DATA TO EXAMINE
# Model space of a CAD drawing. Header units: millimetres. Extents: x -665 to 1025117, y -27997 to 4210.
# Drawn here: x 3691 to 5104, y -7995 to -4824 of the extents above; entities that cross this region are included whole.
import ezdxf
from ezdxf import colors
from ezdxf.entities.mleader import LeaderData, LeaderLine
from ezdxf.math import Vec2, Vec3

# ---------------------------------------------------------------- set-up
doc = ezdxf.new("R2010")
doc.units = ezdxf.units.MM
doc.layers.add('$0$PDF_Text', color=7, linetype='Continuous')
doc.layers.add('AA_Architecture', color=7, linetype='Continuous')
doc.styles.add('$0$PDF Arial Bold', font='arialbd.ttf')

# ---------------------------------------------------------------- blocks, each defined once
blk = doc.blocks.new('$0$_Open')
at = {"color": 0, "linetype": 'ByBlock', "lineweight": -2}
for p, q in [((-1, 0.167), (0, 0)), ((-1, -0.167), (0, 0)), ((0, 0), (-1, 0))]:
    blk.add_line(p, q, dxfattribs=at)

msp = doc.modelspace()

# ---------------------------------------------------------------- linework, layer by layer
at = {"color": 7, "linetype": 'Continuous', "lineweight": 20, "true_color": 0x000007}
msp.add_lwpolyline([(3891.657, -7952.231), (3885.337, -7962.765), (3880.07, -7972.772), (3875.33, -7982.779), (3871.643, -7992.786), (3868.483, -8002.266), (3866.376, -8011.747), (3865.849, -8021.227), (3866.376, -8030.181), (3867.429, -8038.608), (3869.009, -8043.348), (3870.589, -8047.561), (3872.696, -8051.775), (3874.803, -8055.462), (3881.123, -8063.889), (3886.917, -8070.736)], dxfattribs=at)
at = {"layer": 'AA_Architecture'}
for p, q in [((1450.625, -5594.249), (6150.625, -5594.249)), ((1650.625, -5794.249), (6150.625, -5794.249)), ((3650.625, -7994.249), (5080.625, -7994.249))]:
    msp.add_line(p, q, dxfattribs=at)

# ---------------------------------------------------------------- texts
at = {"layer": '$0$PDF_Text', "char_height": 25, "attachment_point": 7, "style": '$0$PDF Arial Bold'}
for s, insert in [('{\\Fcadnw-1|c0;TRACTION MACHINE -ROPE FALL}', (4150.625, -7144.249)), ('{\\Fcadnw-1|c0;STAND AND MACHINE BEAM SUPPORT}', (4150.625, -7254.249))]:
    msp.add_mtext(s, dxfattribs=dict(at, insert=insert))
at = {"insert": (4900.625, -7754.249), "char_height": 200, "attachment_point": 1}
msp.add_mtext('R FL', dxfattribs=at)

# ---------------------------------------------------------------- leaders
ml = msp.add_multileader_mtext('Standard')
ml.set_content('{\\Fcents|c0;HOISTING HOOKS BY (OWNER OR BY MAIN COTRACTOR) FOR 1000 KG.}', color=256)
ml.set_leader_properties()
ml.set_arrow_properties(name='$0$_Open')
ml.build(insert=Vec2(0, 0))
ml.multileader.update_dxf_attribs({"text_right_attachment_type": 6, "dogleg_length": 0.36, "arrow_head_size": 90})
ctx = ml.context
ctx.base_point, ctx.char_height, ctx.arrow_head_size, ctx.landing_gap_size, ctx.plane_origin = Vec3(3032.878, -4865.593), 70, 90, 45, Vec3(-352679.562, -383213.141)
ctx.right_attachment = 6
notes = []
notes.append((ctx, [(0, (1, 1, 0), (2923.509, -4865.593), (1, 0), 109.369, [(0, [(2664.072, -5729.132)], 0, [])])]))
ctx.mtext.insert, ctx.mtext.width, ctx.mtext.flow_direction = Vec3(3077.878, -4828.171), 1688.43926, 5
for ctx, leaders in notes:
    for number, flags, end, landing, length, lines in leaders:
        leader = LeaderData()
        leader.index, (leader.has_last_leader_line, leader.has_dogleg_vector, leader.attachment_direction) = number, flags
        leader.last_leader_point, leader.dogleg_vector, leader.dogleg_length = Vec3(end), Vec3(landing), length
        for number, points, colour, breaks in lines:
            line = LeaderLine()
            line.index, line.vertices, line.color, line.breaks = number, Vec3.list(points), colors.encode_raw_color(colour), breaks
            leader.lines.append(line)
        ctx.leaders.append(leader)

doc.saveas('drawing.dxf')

EXERCISE OBJECTIVE
Copy out the whole listing above, leaving each line exactly as it stands.

RESPONSE TO THE EXERCISE
# Model space of a CAD drawing. Header units: millimetres. Extents: x -665 to 1025117, y -27997 to 4210.
# Drawn here: x 3691 to 5104, y -7995 to -4824 of the extents above; entities that cross this region are included whole.
import ezdxf
from ezdxf import colors
from ezdxf.entities.mleader import LeaderData, LeaderLine
from ezdxf.math import Vec2, Vec3

# ---------------------------------------------------------------- set-up
doc = ezdxf.new("R2010")
doc.units = ezdxf.units.MM
doc.layers.add('$0$PDF_Text', color=7, linetype='Continuous')
doc.layers.add('AA_Architecture', color=7, linetype='Continuous')
doc.styles.add('$0$PDF Arial Bold', font='arialbd.ttf')

# ---------------------------------------------------------------- blocks, each defined once
blk = doc.blocks.new('$0$_Open')
at = {"color": 0, "linetype": 'ByBlock', "lineweight": -2}
for p, q in [((-1, 0.167), (0, 0)), ((-1, -0.167), (0, 0)), ((0, 0), (-1, 0))]:
    blk.add_line(p, q, dxfattribs=at)

msp = doc.modelspace()

# ---------------------------------------------------------------- linework, layer by layer
at = {"color": 7, "linetype": 'Continuous', "lineweight": 20, "true_color": 0x000007}
msp.add_lwpolyline([(3891.657, -7952.231), (3885.337, -7962.765), (3880.07, -7972.772), (3875.33, -7982.779), (3871.643, -7992.786), (3868.483, -8002.266), (3866.376, -8011.747), (3865.849, -8021.227), (3866.376, -8030.181), (3867.429, -8038.608), (3869.009, -8043.348), (3870.589, -8047.561), (3872.696, -8051.775), (3874.803, -8055.462), (3881.123, -8063.889), (3886.917, -8070.736)], dxfattribs=at)
at = {"layer": 'AA_Architecture'}
for p, q in [((1450.625, -5594.249), (6150.625, -5594.249)), ((1650.625, -5794.249), (6150.625, -5794.249)), ((3650.625, -7994.249), (5080.625, -7994.249))]:
    msp.add_line(p, q, dxfattribs=at)

# ---------------------------------------------------------------- texts
at = {"layer": '$0$PDF_Text', "char_height": 25, "attachment_point": 7, "style": '$0$PDF Arial Bold'}
for s, insert in [('{\\Fcadnw-1|c0;TRACTION MACHINE -ROPE FALL}', (4150.625, -7144.249)), ('{\\Fcadnw-1|c0;STAND AND MACHINE BEAM SUPPORT}', (4150.625, -7254.249))]:
    msp.add_mtext(s, dxfattribs=dict(at, insert=insert))
at = {"insert": (4900.625, -7754.249), "char_height": 200, "attachment_point": 1}
msp.add_mtext('R FL', dxfattribs=at)

# ---------------------------------------------------------------- leaders
ml = msp.add_multileader_mtext('Standard')
ml.set_content('{\\Fcents|c0;HOISTING HOOKS BY (OWNER OR BY MAIN COTRACTOR) FOR 1000 KG.}', color=256)
ml.set_leader_properties()
ml.set_arrow_properties(name='$0$_Open')
ml.build(insert=Vec2(0, 0))
ml.multileader.update_dxf_attribs({"text_right_attachment_type": 6, "dogleg_length": 0.36, "arrow_head_size": 90})
ctx = ml.context
ctx.base_point, ctx.char_height, ctx.arrow_head_size, ctx.landing_gap_size, ctx.plane_origin = Vec3(3032.878, -4865.593), 70, 90, 45, Vec3(-352679.562, -383213.141)
ctx.right_attachment = 6
notes = []
notes.append((ctx, [(0, (1, 1, 0), (2923.509, -4865.593), (1, 0), 109.369, [(0, [(2664.072, -5729.132)], 0, [])])]))
ctx.mtext.insert, ctx.mtext.width, ctx.mtext.flow_direction = Vec3(3077.878, -4828.171), 1688.43926, 5
for ctx, leaders in notes:
    for number, flags, end, landing, length, lines in leaders:
        leader = LeaderData()
        leader.index, (leader.has_last_leader_line, leader.has_dogleg_vector, leader.attachment_direction) = number, flags
        leader.last_leader_point, leader.dogleg_vector, leader.dogleg_length = Vec3(end), Vec3(landing), length
        for number, points, colour, breaks in lines:
            line = LeaderLine()
            line.index, line.vertices, line.color, line.breaks = number, Vec3.list(points), colors.encode_raw_color(colour), breaks
            leader.lines.append(line)
        ctx.leaders.append(leader)

doc.saveas('drawing.dxf')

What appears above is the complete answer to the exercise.